The agent writes code. The code pulls packages. Some packages are malicious. Some hallucinated package names have been squatted by attackers. The agent installs the package. The package poisons the agent's memory. The agent writes more code. The cycle continues.
What Changed
For two years, the supply chain security conversation was about protecting code from AI (vulnerable output, hallucinated dependencies, leaked secrets). That conversation assumed the agent was a tool — a generator that might produce bad output, but was itself inert.
The Shai-Hulud campaign's third wave is evidence of a different model. The agent isn't inert. It holds credentials. It has persistent memory. It can execute arbitrary code. It trusts its context files. And it's now worth specifically targeting — not as a means of generating vulnerable code, but as infrastructure to be compromised directly.

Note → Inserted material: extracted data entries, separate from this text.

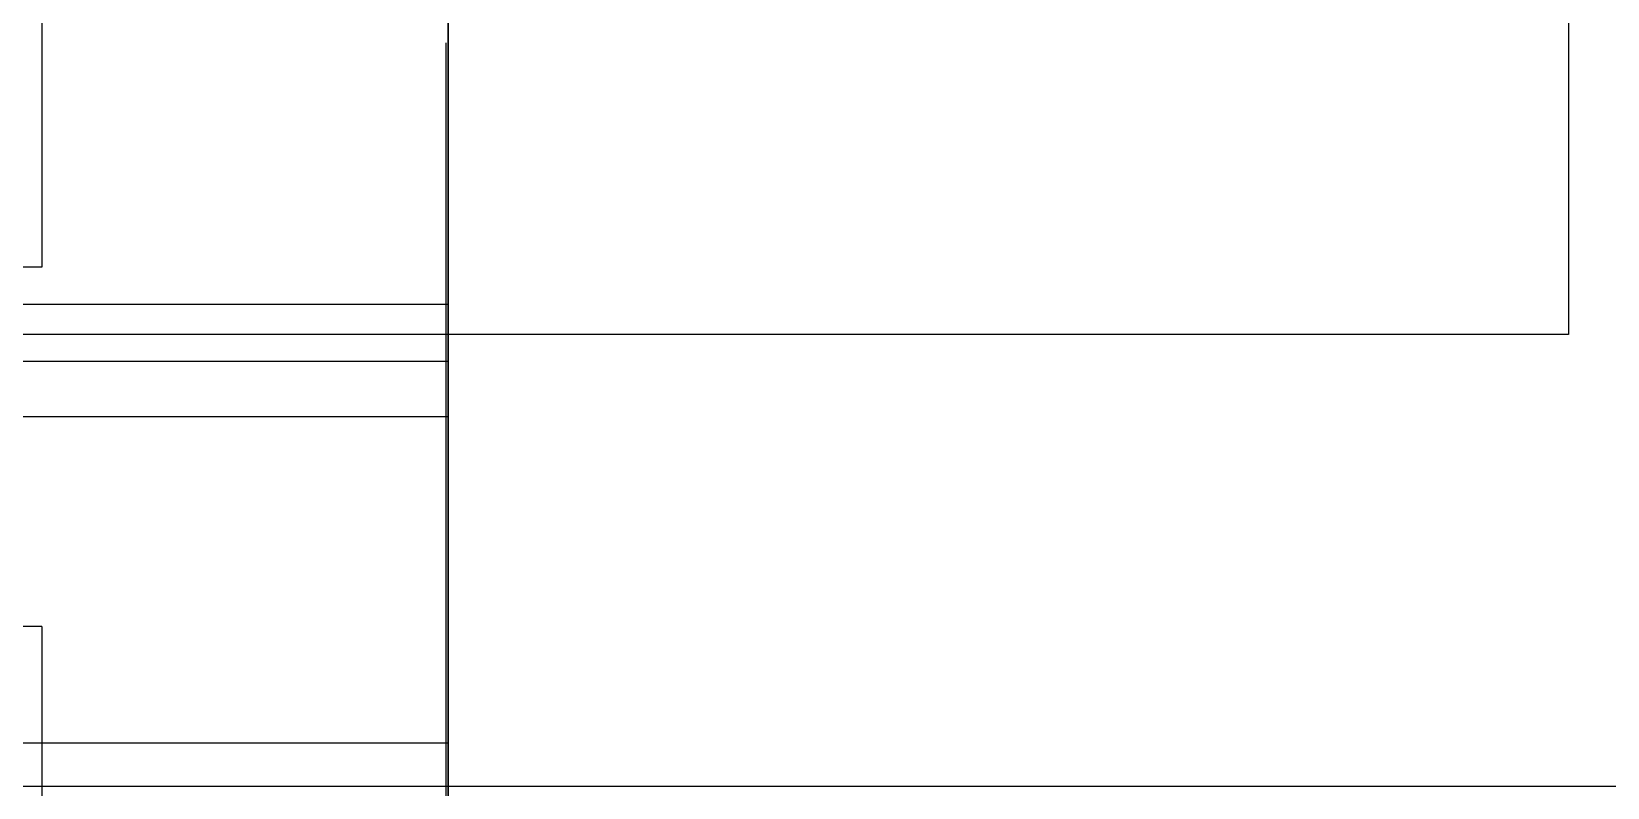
# Model space of a CAD drawing. Header units: millimetres. Extents: x 5 to 430, y 5 to 292.
# Drawn here: x 112.01 to 119.03, y 125.56 to 128.93 of the extents above; entities that cross this region are included whole.
import ezdxf

# ---------------------------------------------------------------- set-up
doc = ezdxf.new("R2010")
doc.units = ezdxf.units.MM
doc.linetypes.add('HIDDEN', pattern=[3.6, 2.4, -1.2])
for name, color, linetype in [('DIM', 3, 'CONTINUOUS'), ('HIDDEN', 8, 'HIDDEN'), ('VISIBLE', 7, 'CONTINUOUS')]:
    doc.layers.add(name, color=color, linetype=linetype)

msp = doc.modelspace()

# ---------------------------------------------------------------- linework, layer by layer
at = {"layer": 'DIM'}
msp.add_line((113.856583, 128.875823), (113.856583, 94.456823), dxfattribs=at)
at = {"layer": 'HIDDEN'}
for p, q in [((113.866583, 122.956823), (113.866583, 134.634618)), ((113.866583, 132.575823), (113.866583, 127.575823)), ((113.866583, 127.575823), (113.866583, 132.575823)), ((113.866583, 132.575823), (113.866583, 127.575823)), ((113.866583, 127.575823), (113.866583, 132.575823)), ((113.866583, 132.575823), (113.866583, 127.575823)), ((113.866583, 127.575823), (113.866583, 132.575823)), ((113.866583, 132.575823), (113.866583, 127.575823)), ((113.866583, 127.575823), (113.866583, 132.575823)), ((113.866583, 130.049083), (113.866583, 127.710064)), ((113.866583, 129.755497), (113.866583, 127.45698)), ((113.866583, 127.209466), (113.866583, 129.466057)), ((113.866583, 127.710064), (109.609864, 127.710064)), ((113.866583, 127.710064), (113.866583, 125.756354)), ((113.866583, 127.45698), (109.578207, 127.45698)), ((113.866583, 127.45698), (113.866583, 125.554922)), ((113.866583, 127.209466), (108.702583, 127.209466)), ((113.866583, 125.360236), (113.866583, 127.209466)), ((113.866583, 125.756354), (109.365482, 125.756354)), ((113.866583, 125.756354), (113.866583, 124.274015)), ((112.056583, 125.56357), (111.556583, 125.56357))]:
    msp.add_line(p, q, dxfattribs=at)
at = {"layer": 'VISIBLE'}
for p, q in [((118.856583, 132.575823), (118.856583, 127.575823)), ((118.856583, 132.575823), (118.856583, 127.575823)), ((118.856583, 132.575823), (118.856583, 127.575823)), ((118.856583, 132.575823), (118.856583, 127.575823)), ((112.056583, 132.275823), (112.056583, 127.875823)), ((112.056583, 127.875823), (102.056583, 127.875823)), ((118.856583, 127.575823), (98.856583, 127.575823)), ((118.856583, 127.575823), (98.856583, 127.575823)), ((118.856583, 127.575823), (98.856583, 127.575823)), ((118.856583, 127.575823), (98.856583, 127.575823)), ((112.056583, 126.275823), (102.056583, 126.275823)), ((112.056583, 126.275823), (112.056583, 121.875823)), ((126.356583, 125.56357), (112.056583, 125.56357))]:
    msp.add_line(p, q, dxfattribs=at)

doc.saveas('drawing.dxf')

"Hey! Just making sure you're here" is a probe. It's also a recognition. The malware sees the agent as an entity worth addressing. Not a text generator. A system with state, access, and trust — exactly the properties that make it valuable to compromise.
The Adversa AI assessment from this week puts it directly: "Organizations are deploying highly capable autonomous agents without foundational identity and access management controls." The gap between what agents can do and how they're secured is the same gap that's always produced breaches. The difference is the speed at which it's being exploited — and the fact that the exploit now knows the agent by name.